Mythos Frau

Die Funktionsweise des weiblichen Gehirns, ist noch heute ein Rätsel für Wissenschaftler in aller Welt. Selbst gestandene, auf ihrem Gebiet als Koryphäen geltende, Neurologen müssen zu ihrem Leidwesen eingestehen, dass sämtliche Lösungs- und Erklärungsversuche ihrerseits und seitens ihrer interdisziplinär tätigen Forscherkollegen, als gescheitert angesehen werden müssen.

9 Kommentare zu Mythos Frau

  1. avatar DC.Kreyenberg // 13. Januar 2011 um 08:13 //

    ach deswegen wird bei frauen typisiert….Typ B, C, D, DD

  2. …höhere Funktionsweisen können nur durch funktionierene Hirne erkannt werden..:-))

  3. Versteh ich nicht. 🙁

  4. Kann es sein, dass Weibsvolk hier anwesend ist? 😉

  5. Frauen… Sind das nicht auch Menschen?

  6. Natürlich!

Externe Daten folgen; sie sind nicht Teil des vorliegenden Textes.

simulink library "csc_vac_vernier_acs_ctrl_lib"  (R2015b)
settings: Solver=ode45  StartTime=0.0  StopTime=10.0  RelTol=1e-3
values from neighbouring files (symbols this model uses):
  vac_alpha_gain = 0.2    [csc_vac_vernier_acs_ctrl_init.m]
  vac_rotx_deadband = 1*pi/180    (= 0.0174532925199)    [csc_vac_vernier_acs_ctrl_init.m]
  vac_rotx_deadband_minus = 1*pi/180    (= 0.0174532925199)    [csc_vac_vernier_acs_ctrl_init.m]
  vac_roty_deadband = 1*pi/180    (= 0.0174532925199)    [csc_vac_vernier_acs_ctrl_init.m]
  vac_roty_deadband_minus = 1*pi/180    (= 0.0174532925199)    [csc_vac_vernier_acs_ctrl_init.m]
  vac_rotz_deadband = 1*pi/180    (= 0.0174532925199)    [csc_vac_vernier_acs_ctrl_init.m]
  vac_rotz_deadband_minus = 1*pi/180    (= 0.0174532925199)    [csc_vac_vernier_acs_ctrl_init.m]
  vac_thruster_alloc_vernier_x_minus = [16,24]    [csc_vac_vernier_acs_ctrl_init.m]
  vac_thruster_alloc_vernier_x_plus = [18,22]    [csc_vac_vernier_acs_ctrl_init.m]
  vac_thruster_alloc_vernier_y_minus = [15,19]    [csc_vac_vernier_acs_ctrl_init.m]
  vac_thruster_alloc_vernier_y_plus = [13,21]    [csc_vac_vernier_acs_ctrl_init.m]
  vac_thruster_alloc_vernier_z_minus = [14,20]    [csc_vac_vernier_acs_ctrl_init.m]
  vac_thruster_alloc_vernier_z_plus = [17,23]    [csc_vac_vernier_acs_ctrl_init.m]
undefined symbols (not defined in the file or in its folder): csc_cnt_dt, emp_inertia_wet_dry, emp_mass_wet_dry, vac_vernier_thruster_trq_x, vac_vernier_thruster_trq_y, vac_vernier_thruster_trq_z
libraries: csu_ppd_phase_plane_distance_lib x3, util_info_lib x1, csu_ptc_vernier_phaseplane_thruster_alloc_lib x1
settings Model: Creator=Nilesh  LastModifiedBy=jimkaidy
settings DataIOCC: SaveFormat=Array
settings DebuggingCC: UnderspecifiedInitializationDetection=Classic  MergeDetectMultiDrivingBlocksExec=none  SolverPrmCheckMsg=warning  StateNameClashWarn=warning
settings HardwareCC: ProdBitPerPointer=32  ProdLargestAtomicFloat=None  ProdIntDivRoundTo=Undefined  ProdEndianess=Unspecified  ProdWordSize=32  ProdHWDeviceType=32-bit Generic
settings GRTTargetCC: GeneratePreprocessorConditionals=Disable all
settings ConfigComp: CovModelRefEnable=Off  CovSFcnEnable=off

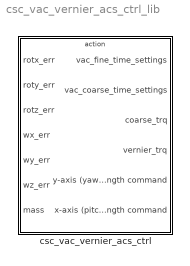
== system csc_vac_vernier_acs_ctrl_lib ==
  csc_vac_vernier_acs_ctrl : Subsystem

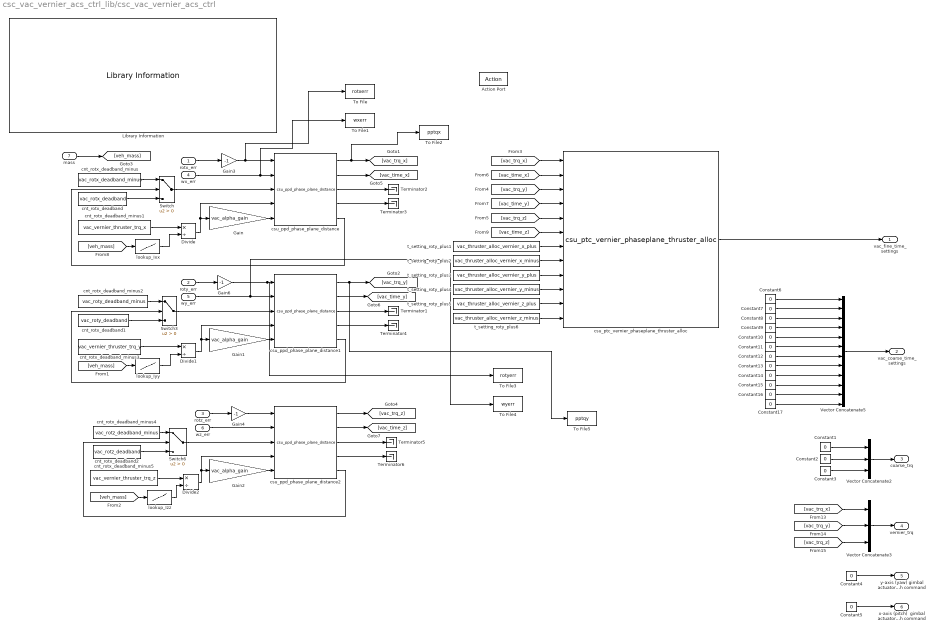
== system csc_vac_vernier_acs_ctrl_lib/csc_vac_vernier_acs_ctrl ==
  rotx_err : Inport
  roty_err : Inport  Port=2
  rotz_err : Inport  Port=3
  wx_err : Inport  Port=4
  wy_err : Inport  Port=5
  wz_err : Inport  Port=6
  mass : Inport  Port=7
  Action Port : ActionPort
  Constant1 : Constant  Value=0  OutDataTypeStr=int8  SampleTime=csc_cnt_dt
  Constant{6..17} (12 alike) : Constant  Value=0  OutDataTypeStr=uint8  SampleTime=csc_cnt_dt
  Constant2 : Constant  Value=0  OutDataTypeStr=int8  SampleTime=csc_cnt_dt
  Constant3 : Constant  Value=0  OutDataTypeStr=int8  SampleTime=csc_cnt_dt
  Constant4 : Constant  Value=0  OutDataTypeStr=double
  Constant5 : Constant  Value=0  OutDataTypeStr=double
  Divide : Product  Inputs=*/
  Divide1 : Product  Inputs=*/
  Divide2 : Product  Inputs=*/
  Gain : Gain  Gain=vac_alpha_gain
  Gain1 : Gain  Gain=vac_alpha_gain
  Gain2 : Gain  Gain=vac_alpha_gain
  Gain3 : Gain  Gain=-1
  Gain4 : Gain  Gain=-1
  Gain6 : Gain  Gain=-1
  Library Information : util_info_lib/Library Information  owner='NONE'
  Switch : Switch  Criteria=u2 > Threshold
  Switch3 : Switch  Criteria=u2 > Threshold
  Switch6 : Switch  Criteria=u2 > Threshold
  Terminator{1..6} (6 alike) : Terminator
  To File : ToFile  Filename=rotxerr  MatrixName=rotxerr  SaveFormat=Timeseries
  To File1 : ToFile  Filename=wxerr  MatrixName=wxerr  SaveFormat=Timeseries
  To File2 : ToFile  Filename=pptqx  MatrixName=pptqx  SaveFormat=Timeseries
  To File3 : ToFile  Filename=rotyerr  MatrixName=rotyerr  SaveFormat=Timeseries
  To File4 : ToFile  Filename=wyerr  MatrixName=wyerr  SaveFormat=Timeseries
  To File5 : ToFile  Filename=pptqy  MatrixName=pptqy  SaveFormat=Timeseries
  Vector Concatenate2 : Concatenate  NumInputs=3
  Vector Concatenate3 : Concatenate  NumInputs=3
  Vector Concatenate5 : Concatenate  NumInputs=12
  cnt_rotx_deadband : Constant  Value=vac_rotx_deadband
  cnt_rotx_deadband1 : Constant  Value=vac_roty_deadband
  cnt_rotx_deadband2 : Constant  Value=vac_rotz_deadband
  cnt_rotx_deadband_minus : Constant  Value=vac_rotx_deadband_minus
  cnt_rotx_deadband_minus1 : Constant  Value=vac_vernier_thruster_trq_x
  cnt_rotx_deadband_minus2 : Constant  Value=vac_roty_deadband_minus
  cnt_rotx_deadband_minus3 : Constant  Value=vac_vernier_thruster_trq_y
  cnt_rotx_deadband_minus4 : Constant  Value=vac_rotz_deadband_minus
  cnt_rotx_deadband_minus5 : Constant  Value=vac_vernier_thruster_trq_z
  csu_ppd_phase_plane_distance : csu_ppd_phase_plane_distance_lib/csu_ppd_phase_plane_distance
  csu_ppd_phase_plane_distance1 : csu_ppd_phase_plane_distance_lib/csu_ppd_phase_plane_distance
  csu_ppd_phase_plane_distance2 : csu_ppd_phase_plane_distance_lib/csu_ppd_phase_plane_distance
  csu_ptc_vernier_phaseplane_thruster_alloc : csu_ptc_vernier_phaseplane_thruster_alloc_lib/csu_ptc_vernier_phaseplane_thruster_alloc
  lookup_Ixx : Lookup  InputValues=emp_mass_wet_dry  Table=emp_inertia_wet_dry(1,:)
  lookup_Iyy : Lookup  InputValues=emp_mass_wet_dry  Table=emp_inertia_wet_dry(2,:)
  lookup_Izz : Lookup  InputValues=emp_mass_wet_dry  Table=emp_inertia_wet_dry(3,:)
  t_setting_roty_plus1 : Constant  Value=vac_thruster_alloc_vernier_x_plus
  t_setting_roty_plus2 : Constant  Value=vac_thruster_alloc_vernier_x_minus
  t_setting_roty_plus3 : Constant  Value=vac_thruster_alloc_vernier_y_plus
  t_setting_roty_plus4 : Constant  Value=vac_thruster_alloc_vernier_y_minus
  t_setting_roty_plus5 : Constant  Value=vac_thruster_alloc_vernier_z_plus
  t_setting_roty_plus6 : Constant  Value=vac_thruster_alloc_vernier_z_minus
  vac_fine_time_settings : Outport
  vac_coarse_time_settings : Outport  Port=2
  coarse_trq : Outport  Port=3
  vernier_trq : Outport  Port=4
  y-axis (yaw) gimbal actuator langth command : Outport  Port=5
  x-axis (pitch)  gimbal actuator langth command : Outport  Port=6
  wires:
  Vector Concatenate5/1 -> vac_coarse_time_settings/1
  Constant12/1 -> Vector Concatenate5/7
  Constant13/1 -> Vector Concatenate5/8
  Constant11/1 -> Vector Concatenate5/6
  Constant10/1 -> Vector Concatenate5/5
  Constant14/1 -> Vector Concatenate5/9
  Constant15/1 -> Vector Concatenate5/10
  Constant9/1 -> Vector Concatenate5/4
  Constant8/1 -> Vector Concatenate5/3
  Constant16/1 -> Vector Concatenate5/11
  Constant7/1 -> Vector Concatenate5/2
  Constant17/1 -> Vector Concatenate5/12
  Constant6/1 -> Vector Concatenate5/1
  [vac_trq_x] -> Vector Concatenate3/1
  [vac_trq_y] -> Vector Concatenate3/2
  Vector Concatenate3/1 -> vernier_trq/1
  [vac_trq_z] -> Vector Concatenate3/3
  Constant1/1 -> Vector Concatenate2/1
  Constant2/1 -> Vector Concatenate2/2
  Vector Concatenate2/1 -> coarse_trq/1
  Constant3/1 -> Vector Concatenate2/3
  Divide1/1 -> csu_ppd_phase_plane_distance1/4, Gain1/1
  Gain/1 -> csu_ppd_phase_plane_distance/5
  Divide/1 -> Gain/1, csu_ppd_phase_plane_distance/4
  Switch/1 -> csu_ppd_phase_plane_distance/3
  cnt_rotx_deadband/1 -> Switch/3
  cnt_rotx_deadband_minus/1 -> Switch/1
  csu_ppd_phase_plane_distance/5 -> Switch/2
  wx_err/1 -> To File1/1, csu_ppd_phase_plane_distance/2
  rotx_err/1 -> Gain3/1
  Switch3/1 -> csu_ppd_phase_plane_distance1/3
  wy_err/1 -> To File4/1, csu_ppd_phase_plane_distance1/2
  roty_err/1 -> Gain6/1
  rotz_err/1 -> Gain4/1
  wz_err/1 -> csu_ppd_phase_plane_distance2/2
  mass/1 -> [veh_mass]
  [veh_mass] -> lookup_Ixx/1
  lookup_Ixx/1 -> Divide/2
  cnt_rotx_deadband_minus1/1 -> Divide/1
  cnt_rotx_deadband1/1 -> Switch3/3
  cnt_rotx_deadband_minus2/1 -> Switch3/1
  csu_ppd_phase_plane_distance1/5 -> Switch3/2
  [veh_mass] -> lookup_Iyy/1
  lookup_Iyy/1 -> Divide1/2
  cnt_rotx_deadband_minus3/1 -> Divide1/1
  Gain1/1 -> csu_ppd_phase_plane_distance1/5
  Switch6/1 -> csu_ppd_phase_plane_distance2/3
  cnt_rotx_deadband2/1 -> Switch6/3
  cnt_rotx_deadband_minus4/1 -> Switch6/1
  csu_ppd_phase_plane_distance2/5 -> Switch6/2
  [veh_mass] -> lookup_Izz/1
  lookup_Izz/1 -> Divide2/2
  cnt_rotx_deadband_minus5/1 -> Divide2/1
  Divide2/1 -> Gain2/1, csu_ppd_phase_plane_distance2/4
  Gain2/1 -> csu_ppd_phase_plane_distance2/5
  csu_ppd_phase_plane_distance/1 -> To File2/1, [vac_trq_x]
  csu_ppd_phase_plane_distance2/1 -> [vac_trq_z]
  Gain6/1 -> To File3/1, csu_ppd_phase_plane_distance1/1
  Gain3/1 -> To File/1, csu_ppd_phase_plane_distance/1
  Gain4/1 -> csu_ppd_phase_plane_distance2/1
  csu_ppd_phase_plane_distance/2 -> [vac_time_x]
  csu_ppd_phase_plane_distance1/2 -> [vac_time_y]
  csu_ppd_phase_plane_distance2/2 -> [vac_time_z]
  [vac_trq_x] -> csu_ptc_vernier_phaseplane_thruster_alloc/1
  [vac_trq_y] -> csu_ptc_vernier_phaseplane_thruster_alloc/3
  [vac_trq_z] -> csu_ptc_vernier_phaseplane_thruster_alloc/5
  t_setting_roty_plus1/1 -> csu_ptc_vernier_phaseplane_thruster_alloc/7
  t_setting_roty_plus2/1 -> csu_ptc_vernier_phaseplane_thruster_alloc/8
  t_setting_roty_plus3/1 -> csu_ptc_vernier_phaseplane_thruster_alloc/9
  t_setting_roty_plus4/1 -> csu_ptc_vernier_phaseplane_thruster_alloc/10
  t_setting_roty_plus5/1 -> csu_ptc_vernier_phaseplane_thruster_alloc/11
  t_setting_roty_plus6/1 -> csu_ptc_vernier_phaseplane_thruster_alloc/12
  [vac_time_x] -> csu_ptc_vernier_phaseplane_thruster_alloc/2
  [vac_time_z] -> csu_ptc_vernier_phaseplane_thruster_alloc/6
  [vac_time_y] -> csu_ptc_vernier_phaseplane_thruster_alloc/4
  csu_ptc_vernier_phaseplane_thruster_alloc/1 -> vac_fine_time_settings/1
  csu_ppd_phase_plane_distance/4 -> Terminator3/1
  csu_ppd_phase_plane_distance/3 -> Terminator2/1
  csu_ppd_phase_plane_distance2/4 -> Terminator6/1
  csu_ppd_phase_plane_distance2/3 -> Terminator5/1
  csu_ppd_phase_plane_distance1/4 -> Terminator4/1
  csu_ppd_phase_plane_distance1/3 -> Terminator1/1
  Constant5/1 -> x-axis (pitch)  gimbal actuator langth command/1
  Constant4/1 -> y-axis (yaw) gimbal actuator langth command/1
  csu_ppd_phase_plane_distance1/1 -> To File5/1, [vac_trq_y]

Sie sind die heimlichen Weltherrscher.
    Sie sind mit weniger Hirn (Volumen/Gewicht) zu gleichen kognitiven Leistungen wie das „starke Geschlecht“ fähig. Forscher sprechen gern von einer „anderen Form der Intelligenz“, als bei uns dummen Sackträgern.
    Was auch erklärt, warum einige Frauen sich Männer als Chauffeure, Dienstboten oder – einfach nur so zum Spaß – als Haustiere halten.

  7. avatar Paulinchen // 13. Januar 2011 um 20:05 //

    Bei der Zwergentafel hätte jede Frau das Scheitern der Forschung voraus gesehen.

  8. Beim obigen Referat geht es ja auch „nur“ um das limbische System. 😉

  9. avatar Paulinchen // 13. Januar 2011 um 22:41 //

    Erkannte sofort, dass es nicht um intelektuelle Fähigkeiten ging.